Il cherche un lieu, demande au maire de l’époque, celui dont j’ai parlé il y a peu, qui avait considéré les aliénés « comme des déchets ». Cet ancien Président du conseil lui offre la mairie, à la condition qu’il invite les Russes, auxquels Charles n’avaient pas pensé, refroidi par quelques visites antérieures. Nous sommes en pleine guerre froide. Mais les chercheurs recherchent la coopération. L’enjeu humain , énorme, les rapproche, même si ils sont bien souvent concurrents. Albert Sabin voit en l’ URSS un endroit simple de tester en grand son vaccin. Il donne donc ses souches atténuées à un virologiste Russe de haut vol, Mikhaïl Tchoumakov. Celui qui a découvert entre autres, l’agent de l’encéphalite à tiques, dont il a d’ailleurs été la victime en le manipulant : il y a laissé son ouïe et la motricité de son bras droit. Cette coopération sera très fructueuse, et permettra à la Russie de proposer ce vaccin efficace, sur, et de faible coût, à un grand nombre de pays. En peu de temps, la Russie sera débarrassée de la polio par une politique originale et efficace. Elle organise à travers tout ce vaste pays des lâchers de bonbons vaccins par hélicoptère. Il faut trois doses, donc trois fois les hélicoptères sillonneront ces vastes étendues pour y semer dans les villages des pochons de gâteries. Les responsables savent bien que si par gourmandise, les enfants en prennent plusieurs, aucun effet délétère ne s’en suivra. Elle ne recherche pas une vaccination touchant 100 % de la population, elle sait bien qu’elle n’est pas assez bien administrée pour cette politique qui sera suivie méticuleusement par des « petits » pays mieux organisés. Elle pense qu’en vaccinant le plus grand nombre, le virus circulera moins : et c’est ce qu’il se passe . En peu d’années elle devient pratiquement indemne de la maladie. Dans les années 1960, les Russes annoncent laconiquement aux occidentaux qu’ils ont vacciné 100 millions de personnes avec succès; certains observateurs pensèrent  » bluff, » mais ils avaient tort.

Guy Grandjean

 

 2021 est possiblement l’année des derniers cas de polio sur notre bonne vieille terre, en tout cas pour 2022, on y croit.  Si le vaccin oral a fait 99 % du travail, c’est maintenant celui de Jonas Salk qui seul, va être utilisé pour en finir avec ce virus maudit.

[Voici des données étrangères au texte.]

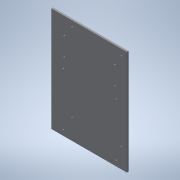
# Autodesk Inventor part: Akrilik
Saved by Autodesk Inventor 2020 (Build 240168000, 168)
## iProperties
Created: 2021-04-23
Part Number: Akrilik
Material: Generic
Document SubType Name: Modeling
Designer: scrip
Density: 1 g/cm^3
Appearance: Default
Author: scrip
Autodesk Inventor part; units mm, degrees
ref_plane "YZ Plane" through (0, 0, 0) normal (1, 0, 0) x (0, 1, 0)
ref_plane "XZ Plane" through (0, 0, 0) normal (0, 1, 0) x (-1, 0, 0)
ref_plane "XY Plane" through (0, 0, 0) normal (0, 0, 1) x (1, 0, 0)
sketch "Sketch1" plane through (0, 0, 0) normal (0, 0, 1) x (1, 0, 0)
  line L0 (-43.437, -19.7437) -> (55.293, -19.7437)
  line L1 (55.293, -19.7437) -> (55.293, -118.7837)
  circle A0 centre (6.169, -65.1647) radius 0.508
  circle A1 centre (-0.333, -65.1647) radius 0.508
  arc A2 (23.1745, -85.9924) -> (23.1745, -82.9951) centre (23.238, -84.4937) ccw
  arc A3 (23.1745, -82.9951) -> (23.1745, -85.9924) centre (23.111, -84.4937) ccw
  circle A4 centre (-11.179, -100.7497) radius 0.75
  circle A5 centre (28.445, -83.4777) radius 0.75
  circle A6 centre (36.573, -92.1137) radius 0.508
  circle A7 centre (-30.737, -64.3737) radius 0.4
  circle A8 centre (-25.657, -64.3737) radius 0.4
  circle A9 centre (-33.277, -89.3737) radius 0.4
  circle A10 centre (-28.197, -89.3737) radius 0.4
  circle A11 centre (-23.117, -89.3737) radius 0.4
  circle A12 centre (-12.957, -41.3137) radius 0.508
  circle A13 centre (-7.877, -41.3137) radius 0.508
  circle A14 centre (-12.957, -32.4237) radius 0.508
  circle A15 centre (-7.877, -32.4237) radius 0.508
  circle A16 centre (-25.657, -98.4637) radius 0.508
  circle A17 centre (-30.737, -98.4637) radius 0.508
  circle A18 centre (-29.467, -32.4237) radius 0.508
  circle A19 centre (-24.387, -32.4237) radius 0.508
  circle A20 centre (-14.227, -60.3637) radius 0.55
  circle A21 centre (-32.007, -71.7937) radius 0.508
  circle A22 centre (-26.927, -71.7937) radius 0.508
  circle A23 centre (-21.847, -71.7937) radius 0.508
  circle A24 centre (-14.227, -71.7937) radius 0.508
  circle A25 centre (-9.147, -71.7937) radius 0.508
  circle A26 centre (-4.067, -71.7937) radius 0.508
  circle A27 centre (-32.007, -23.5337) radius 0.508
  circle A28 centre (-26.927, -23.5337) radius 0.508
  circle A29 centre (-21.847, -23.5337) radius 0.508
  circle A30 centre (-16.767, -23.5337) radius 0.508
  circle A31 centre (-10.163, -23.5337) radius 0.508
  circle A32 centre (-5.083, -23.5337) radius 0.508
  circle A33 centre (-0.003, -23.5337) radius 0.508
  circle A34 centre (5.077, -23.5337) radius 0.508
  circle A35 centre (-39.627, -23.5337) radius 1.5
  circle A36 centre (51.813, -114.9737) radius 1.5
  circle A37 centre (-37.087, -38.7737) radius 1.6
  circle A38 centre (-7.877, -51.4737) radius 0.55
  circle A39 centre (-9.147, -60.3637) radius 0.55
  circle A40 centre (-7.877, -46.3937) radius 0.55
  circle A41 centre (13.713, -23.5337) radius 1.6
  circle A42 centre (-37.087, -66.7137) radius 1.6
  circle A43 centre (-39.627, -114.9737) radius 1.5
  circle A44 centre (51.813, -23.5337) radius 1.5
  circle A45 centre (2.537, -23.5337) radius 0.508
  circle A46 centre (-2.543, -23.5337) radius 0.508
  circle A47 centre (-7.623, -23.5337) radius 0.508
  circle A48 centre (-12.703, -23.5337) radius 0.508
  circle A49 centre (-19.307, -23.5337) radius 0.508
  circle A50 centre (-24.387, -23.5337) radius 0.508
  circle A51 centre (-29.467, -23.5337) radius 0.508
  circle A52 centre (-34.547, -23.5337) radius 0.508
  circle A53 centre (-6.607, -71.7937) radius 0.508
  circle A54 centre (-11.687, -71.7937) radius 0.508
  circle A55 centre (-16.767, -71.7937) radius 0.508
  circle A56 centre (-24.387, -71.7937) radius 0.508
  circle A57 centre (-29.467, -71.7937) radius 0.508
  circle A58 centre (-34.547, -71.7937) radius 0.508
  circle A59 centre (-21.847, -32.4237) radius 0.508
  circle A60 centre (-26.927, -32.4237) radius 0.508
  circle A61 centre (-33.277, -98.4637) radius 0.508
  circle A62 centre (-28.197, -98.4637) radius 0.508
  circle A63 centre (-5.337, -32.4237) radius 0.508
  circle A64 centre (-10.417, -32.4237) radius 0.508
  circle A65 centre (-5.337, -41.3137) radius 0.508
  circle A66 centre (-10.417, -41.3137) radius 0.508
  circle A67 centre (-20.577, -89.3737) radius 0.4
  circle A68 centre (-25.657, -89.3737) radius 0.4
  circle A69 centre (-30.737, -89.3737) radius 0.4
  circle A70 centre (-23.117, -64.3737) radius 0.4
  circle A71 centre (-28.197, -64.3737) radius 0.4
  circle A72 centre (36.573, -89.5737) radius 0.508
  circle A73 centre (36.573, -94.6537) radius 0.508
  circle A74 centre (28.445, -100.7497) radius 0.75
  circle A75 centre (-11.179, -83.4777) radius 0.75
  circle A76 centre (-6.607, -99.7337) radius 1.5
  circle A77 centre (-0.333, -60.6427) radius 0.508
  circle A78 centre (6.169, -60.6427) radius 0.508
  line L2 (55.293, -118.7837) -> (-43.437, -118.7837)
  line L3 (55.293, -19.7437) -> (55.293, -118.7837)
  line L4 (-43.437, -19.7437) -> (55.293, -19.7437)
  line L5 (-43.437, -118.7837) -> (-43.437, -19.7437)
  line L6 (-59.627, 55.0712) -> (-59.627, -124.9737)
  line L7 (-59.627, -124.9737) -> (70.373, -124.9737)
  line L8 (70.373, -124.9737) -> (70.373, 55.0712)
  line L9 (70.373, 55.0712) -> (-59.627, 55.0712)
  arc A79 (-37.9994, -7.7176) -> (-37.9994, -3.2176) centre (-37.9994, -5.4676) ccw
  arc A80 (-37.9994, 23.973) -> (-37.9994, 28.473) centre (-37.9994, 26.223) ccw
  arc A81 (49.0006, -3.2176) -> (49.0006, -7.7176) centre (49.0006, -5.4676) ccw
  arc A82 (49.0006, 28.473) -> (49.0006, 23.973) centre (49.0006, 26.223) ccw
  circle A83 centre (-39.627, -23.5337) radius 1.5
  circle A84 centre (-39.627, -114.9737) radius 1.5
  circle A85 centre (51.813, -114.9737) radius 1.5
  circle A86 centre (51.813, -23.5337) radius 1.5
  circle A87 centre (49.0006, -5.4676) radius 1.5
  circle A88 centre (49.0006, 26.223) radius 1.5
  circle A89 centre (-37.9994, 26.223) radius 1.1903
  circle A90 centre (-37.9994, -5.4676) radius 1.5
  point P0 (0, 0)
  point P1 (-30.337, -14.7437)
  point P2 (19.4617, -123.7837)
  point P3 (60.293, -53.7773)
  point P4 (-48.437, -58.5398)
extrude "Extrusion1" add sketch "Sketch1" along normal blind 3 contours L0 L1 L2 L5 | A0 | A1 | A3 A2 | A4 | A5 | A6 | A7 | A8 | A9 | A10 | A11 | A12 | A13 | A14 | A15 | A16 | A17 | A18 | A19 | A20 | A21 | A22 | A23 | A24 | A25 | A26 | A27 | A28 | A29 | A30 | A31 | A32 | A33 | A34 | A35 | A36 | A37 | A38 | A39 | A40 | A41 | A42 | A43 | A44 | A45 | A46 | A47 | A48 | A49 | A50 | A51 | A52 | A53 | A54 | A55 | A56 | A57 | A58 | A59 | A60 | A61 | A62 | A63 | A64 | A65 | A66 | A67 | A68 | A69 | A70 | A71 | A72 | A73 | A74 | A75 | A76 | A77 | A78 | L9 L8 L7 L6 | A87 | A88 | A89 | A90
sketch "Sketch6" plane through (0, 0, 0) normal (0, 0, -1) x (-1, 0, 0)
  arc A0 (37.9994, 28.473) -> (37.9994, 23.973) centre (37.9994, 26.223) ccw projected
  arc A1 (37.9994, -3.2176) -> (37.9994, -7.7176) centre (37.9994, -5.4676) ccw projected
  arc A2 (-49.0006, 23.973) -> (-49.0006, 28.473) centre (-49.0006, 26.223) ccw projected
  arc A3 (-49.0006, -7.7176) -> (-49.0006, -3.2176) centre (-49.0006, -5.4676) ccw projected
  arc A4 (-49.0006, 23.973) -> (-49.0006, 28.473) centre (-49.0006, 26.223) ccw projected
  arc A5 (-49.0006, 23.973) -> (-49.0006, 28.473) centre (-49.0006, 26.223) ccw projected
  arc A6 (-49.0006, 23.973) -> (-49.0006, 28.473) centre (-49.0006, 26.223) ccw projected
  point P0 (0, 0)
sketch "Sketch7" plane through (0, 0, 3) normal (0, 0, 1) x (1, 0, 0)
  arc A0 (49.0006, 28.473) -> (49.0006, 23.973) centre (49.0006, 26.223) ccw projected
  arc A1 (49.0006, -3.2176) -> (49.0006, -7.7176) centre (49.0006, -5.4676) ccw projected
  arc A2 (-37.9994, -7.7176) -> (-37.9994, -3.2176) centre (-37.9994, -5.4676) ccw projected
  arc A3 (-37.9994, 23.973) -> (-37.9994, 28.473) centre (-37.9994, 26.223) ccw projected
  circle A4 centre (-39.627, -114.9737) radius 1.5 projected
  circle A5 centre (-39.627, -23.5337) radius 1.5 projected
  circle A6 centre (51.813, -23.5337) radius 1.5 projected
  circle A7 centre (51.813, -114.9737) radius 1.5 projected
  point P0 (0, 0)
hole "Hole5" at (49.0006, 26.223, 3) at (49.0006, -5.4676, 3) at (-37.9994, 26.223, 3) at (-37.9994, -5.4676, 3) at (-39.627, -23.5337, 3) at (51.813, -23.5337, 3) at (51.813, -114.9737, 3) at (-39.627, -114.9737, 3) direction (0, 0, -1) diameter 3 end through all
sketch "Sketch8" plane through (0, 0, 3) normal (0, 0, 1) x (1, 0, 0)
  line L0 (70.373, 55.0712) -> (-59.627, 55.0712) projected
  line L1 (70.373, -124.9737) -> (70.373, 55.0712) projected
  point P0 (0, 0)
  point P1 (60.373, 45.0712)
  point P2 (-24.627, 46.0375)
  point P3 (60.373, -89.9288)
  point P4 (-24.627, -88.9625)
  dimension "d61" = 10
  dimension "d62" = 10
  dimension "d63" = 85
  dimension "d64" = 135
  dimension "d65" = 135
  measures "d61" distance from line of L0 point (60.373, 45.071)
  measures "d62" distance from line of L1 point (60.373, 45.071)
  measures "d63" horizontal distance of point (-24.627, 46.038) point (60.373, 45.071)
  measures "d64" distance of point (60.373, -89.929) point (60.373, 45.071)
  measures "d65" distance of point (-24.627, 46.038) point (-24.627, -88.962)
hole "Hole6" at (60.373, 45.0712, 3) at (60.373, -89.9288, 3) at (-24.627, -88.9625, 3) at (-24.627, 46.0375, 3) direction (0, 0, -1) diameter 3 end through all
body "Solid1"

L’Afghanistan, le Pakistan sont les deux derniers pays déclarant des cas de maladie. Les refus, pour des raisons religieuses obscures semblent avoir cédé.

Guy Grandjean

Je repense à ces sucres que notre maman nous avait offert, très émue de nous protéger, et aussi simplement. Elle qui n’aimait pas les vaccinations, elle qui détestait nous voir piquer, une sucrerie pour ses enfants, quoi de plus doux.

Eau du puits : le plus petit animal tombant dans le puits pouvait corrompre l'eau ...
Eau du puits : le plus petit animal tombant dans le puits pouvait corrompre l’eau …

 

 

 

 

Les vaccins croquettes : furent utilisés pour éliminer la rage des pays européens. Le dernier animal concerné étant le renard, il fut vacciné en masse par des lâchers de croquettes par hélicoptère. Voir le post « écume de rage ».